Peter Bartlett (bartlett at cs)

Office Hours:
Mon 1:00-2:00, 723 Sutardja-Dai Hall.
Thu 1:00-2:00, 399 Evans Hall.

Course description

This course will focus on the design and theoretical analysis of learning methods for sequential decision-making under uncertainty. Sequential decision problems involve a trade-off between exploitation (optimizing performance based on the information at hand) and exploration (gathering more information). These problems arise in many important domains, ranging from clinical trials, through computer network optimization and adaptive packet routing, to website and page content optimization, marketing campaign and internet advertising optimization, and revenue management.
Topics covered will include a selection from the following list. Stochastic and game theoretic formulations of sequential decision problems: multi-armed bandits, linear, convex, and Lipschitz bandits, large-scale (combinatorial) bandit problems, contextual bandits, Markov decision processes, approximate linear programming approaches to controlling MDPs, tools for finite sample regret analysis.

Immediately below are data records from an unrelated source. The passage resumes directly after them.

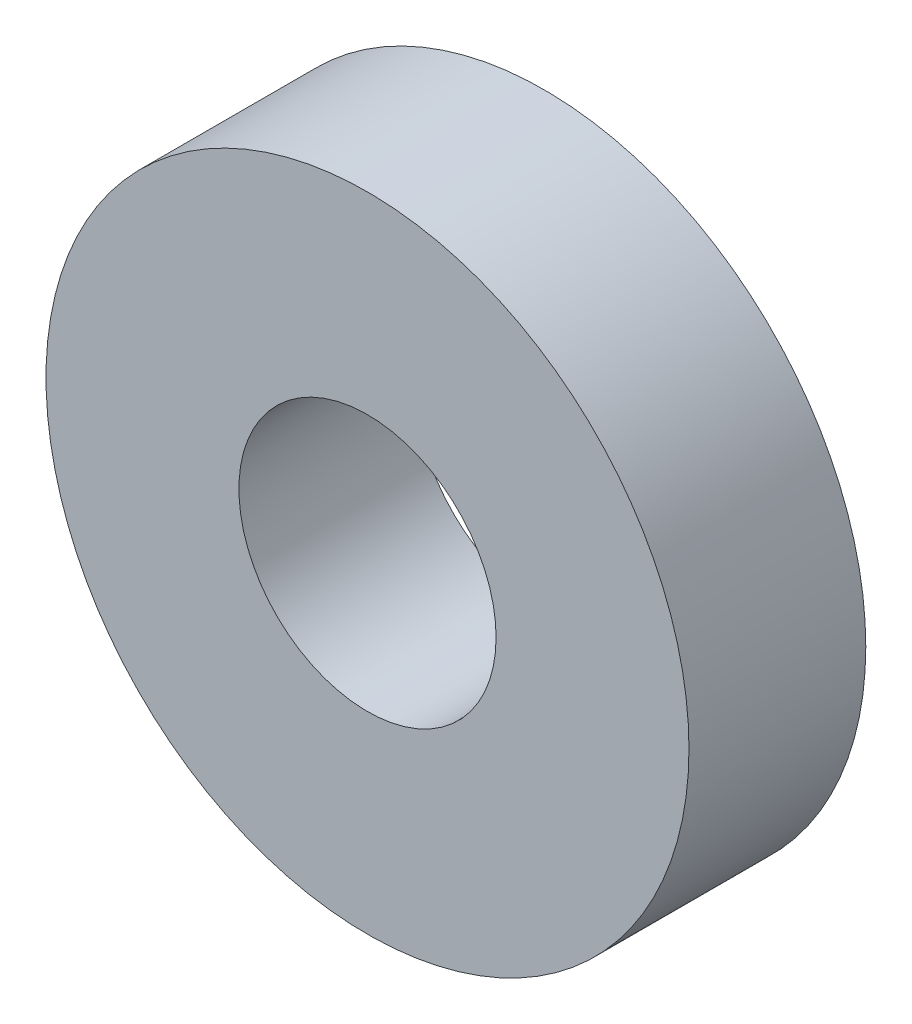
ISO-10303-21;
HEADER;
FILE_DESCRIPTION(('STEP AP214'),'2;1');
FILE_NAME('part.step','',(''),(''),'','','');
FILE_SCHEMA(('AUTOMOTIVE_DESIGN { 1 0 10303 214 1 1 1 1 }'));
ENDSEC;
DATA;
#1=APPLICATION_CONTEXT('core data for automotive mechanical design processes');
#2=APPLICATION_PROTOCOL_DEFINITION('international standard','automotive_design',2000,#1);
#3=PRODUCT_CONTEXT('',#1,'mechanical');
#4=PRODUCT('Part','Part','',(#3));
#5=PRODUCT_RELATED_PRODUCT_CATEGORY('part','',(#4));
#6=PRODUCT_DEFINITION_FORMATION('','',#4);
#7=PRODUCT_DEFINITION_CONTEXT('part definition',#1,'design');
#8=PRODUCT_DEFINITION('design','',#6,#7);
#9=PRODUCT_DEFINITION_SHAPE('','',#8);
#10=(LENGTH_UNIT() NAMED_UNIT(*) SI_UNIT(.MILLI.,.METRE.));
#11=(NAMED_UNIT(*) PLANE_ANGLE_UNIT() SI_UNIT($,.RADIAN.));
#12=(NAMED_UNIT(*) SI_UNIT($,.STERADIAN.) SOLID_ANGLE_UNIT());
#13=UNCERTAINTY_MEASURE_WITH_UNIT(LENGTH_MEASURE(1.E-05),#10,'distance_accuracy_value','');
#14=(GEOMETRIC_REPRESENTATION_CONTEXT(3) GLOBAL_UNCERTAINTY_ASSIGNED_CONTEXT((#13)) GLOBAL_UNIT_ASSIGNED_CONTEXT((#10,
#11,#12)) REPRESENTATION_CONTEXT('',''));
#15=CARTESIAN_POINT('',(0.,0.,0.));
#16=DIRECTION('',(0.,0.,1.));
#17=DIRECTION('',(1.,0.,0.));
#18=AXIS2_PLACEMENT_3D('',#15,#16,#17);
#19=CARTESIAN_POINT('',(0.,0.,5.5));
#20=DIRECTION('',(0.,0.,1.));
#21=DIRECTION('',(1.,0.,0.));
#22=AXIS2_PLACEMENT_3D('',#19,#20,#21);
#23=PLANE('',#22);
#24=CARTESIAN_POINT('',(0.,0.,5.5));
#25=DIRECTION('',(0.,0.,1.));
#26=DIRECTION('',(1.,0.,0.));
#27=AXIS2_PLACEMENT_3D('',#24,#25,#26);
#28=CIRCLE('',#27,10.);
#29=CARTESIAN_POINT('',(10.,0.,5.5));
#30=VERTEX_POINT('',#29);
#31=EDGE_CURVE('E10',#30,#30,#28,.T.);
#32=ORIENTED_EDGE('',*,*,#31,.T.);
#33=EDGE_LOOP('',(#32));
#34=FACE_BOUND('',#33,.T.);
#35=CARTESIAN_POINT('',(0.,0.,5.5));
#36=DIRECTION('',(0.,0.,1.));
#37=DIRECTION('',(1.,0.,0.));
#38=AXIS2_PLACEMENT_3D('',#35,#36,#37);
#39=CIRCLE('',#38,4.);
#40=CARTESIAN_POINT('',(4.,0.,5.5));
#41=VERTEX_POINT('',#40);
#42=EDGE_CURVE('E48',#41,#41,#39,.T.);
#43=ORIENTED_EDGE('',*,*,#42,.F.);
#44=EDGE_LOOP('',(#43));
#45=FACE_BOUND('',#44,.T.);
#46=ADVANCED_FACE('F37',(#34,#45),#23,.T.);
#47=CARTESIAN_POINT('',(0.,0.,0.));
#48=DIRECTION('',(0.,0.,1.));
#49=DIRECTION('',(1.,0.,0.));
#50=AXIS2_PLACEMENT_3D('',#47,#48,#49);
#51=PLANE('',#50);
#52=CARTESIAN_POINT('',(0.,0.,0.));
#53=DIRECTION('',(0.,0.,1.));
#54=DIRECTION('',(1.,0.,0.));
#55=AXIS2_PLACEMENT_3D('',#52,#53,#54);
#56=CIRCLE('',#55,10.);
#57=CARTESIAN_POINT('',(10.,0.,0.));
#58=VERTEX_POINT('',#57);
#59=EDGE_CURVE('E41',#58,#58,#56,.T.);
#60=ORIENTED_EDGE('',*,*,#59,.F.);
#61=EDGE_LOOP('',(#60));
#62=FACE_BOUND('',#61,.T.);
#63=CARTESIAN_POINT('',(0.,0.,0.));
#64=DIRECTION('',(0.,0.,1.));
#65=DIRECTION('',(1.,0.,0.));
#66=AXIS2_PLACEMENT_3D('',#63,#64,#65);
#67=CIRCLE('',#66,4.);
#68=CARTESIAN_POINT('',(4.,0.,0.));
#69=VERTEX_POINT('',#68);
#70=EDGE_CURVE('E50',#69,#69,#67,.T.);
#71=ORIENTED_EDGE('',*,*,#70,.T.);
#72=EDGE_LOOP('',(#71));
#73=FACE_BOUND('',#72,.T.);
#74=ADVANCED_FACE('F60',(#62,#73),#51,.F.);
#75=CARTESIAN_POINT('',(0.,0.,5.5));
#76=DIRECTION('',(0.,0.,-1.));
#77=DIRECTION('',(-1.,0.,0.));
#78=AXIS2_PLACEMENT_3D('',#75,#76,#77);
#79=CYLINDRICAL_SURFACE('',#78,10.);
#80=ORIENTED_EDGE('',*,*,#31,.F.);
#81=EDGE_LOOP('',(#80));
#82=FACE_BOUND('',#81,.T.);
#83=ORIENTED_EDGE('',*,*,#59,.T.);
#84=EDGE_LOOP('',(#83));
#85=FACE_BOUND('',#84,.T.);
#86=ADVANCED_FACE('F39',(#82,#85),#79,.T.);
#87=CARTESIAN_POINT('',(0.,0.,5.5));
#88=DIRECTION('',(0.,0.,-1.));
#89=DIRECTION('',(-1.,0.,0.));
#90=AXIS2_PLACEMENT_3D('',#87,#88,#89);
#91=CYLINDRICAL_SURFACE('',#90,4.);
#92=ORIENTED_EDGE('',*,*,#42,.T.);
#93=EDGE_LOOP('',(#92));
#94=FACE_BOUND('',#93,.T.);
#95=ORIENTED_EDGE('',*,*,#70,.F.);
#96=EDGE_LOOP('',(#95));
#97=FACE_BOUND('',#96,.T.);
#98=ADVANCED_FACE('F56',(#94,#97),#91,.F.);
#99=CLOSED_SHELL('',(#46,#74,#86,#98));
#100=MANIFOLD_SOLID_BREP('B2',#99);
#101=ADVANCED_BREP_SHAPE_REPRESENTATION('',(#18,#100),#14);
#102=SHAPE_DEFINITION_REPRESENTATION(#9,#101);
ENDSEC;
END-ISO-10303-21;

Prerequisites: Probability theory or statistics (at the level of Stat 205A and 210A). Some previous exposure to algorithms, game theory, linear algebra, convex optimization will be helpful.

Syllabus

Assessment

The assessment will have two components: presentation of a paper in class and participation in the discussion of these papers (30%=20% presentation + 10% participation), and a final project (70%).

For paper presentations, you will need to choose a slot (using the doodle poll) and choose a paper from the list of available papers. Please email me your choice. (Note that there will be other papers on the list later; I'll post an announcement when the list is updated.) The presentations will take place at the usual lecture time and place. For the presentation, you will need to present the main contributions of the paper, and lead the discussion about the paper. We'll have 20 minutes total: Aim to have material to present that will take around 10 minutes if there weren't any interruptions, and we'll allow about another ten minutes for discussion - both during and afterwards. It's probably best, since it's a short time slot, to use a laptop and the projector. Don't copy the paper on to your slides. Don't feel obliged to present or discuss everything in the paper. Do aim to include a critique of what the paper does, and questions or open problems that emerge.

The final project can be in any area related to the topics of the course. You might extend a theoretical result, develop a new method and investigate its performance, or run experiments on an existing method for a particular application, or do a combination of these. You will need to submit a written report and give a presentation in class. It is OK to work on projects in groups of two (please email me an explanation if there's a good reason to work in a larger group). In all cases you will need to write the report individually. Project proposals are due on September 30 (please send one or two plain text paragraphs in an email message to bartlett at cs). Project reports are due on December 5. Please email a pdf file to bartlett at cs.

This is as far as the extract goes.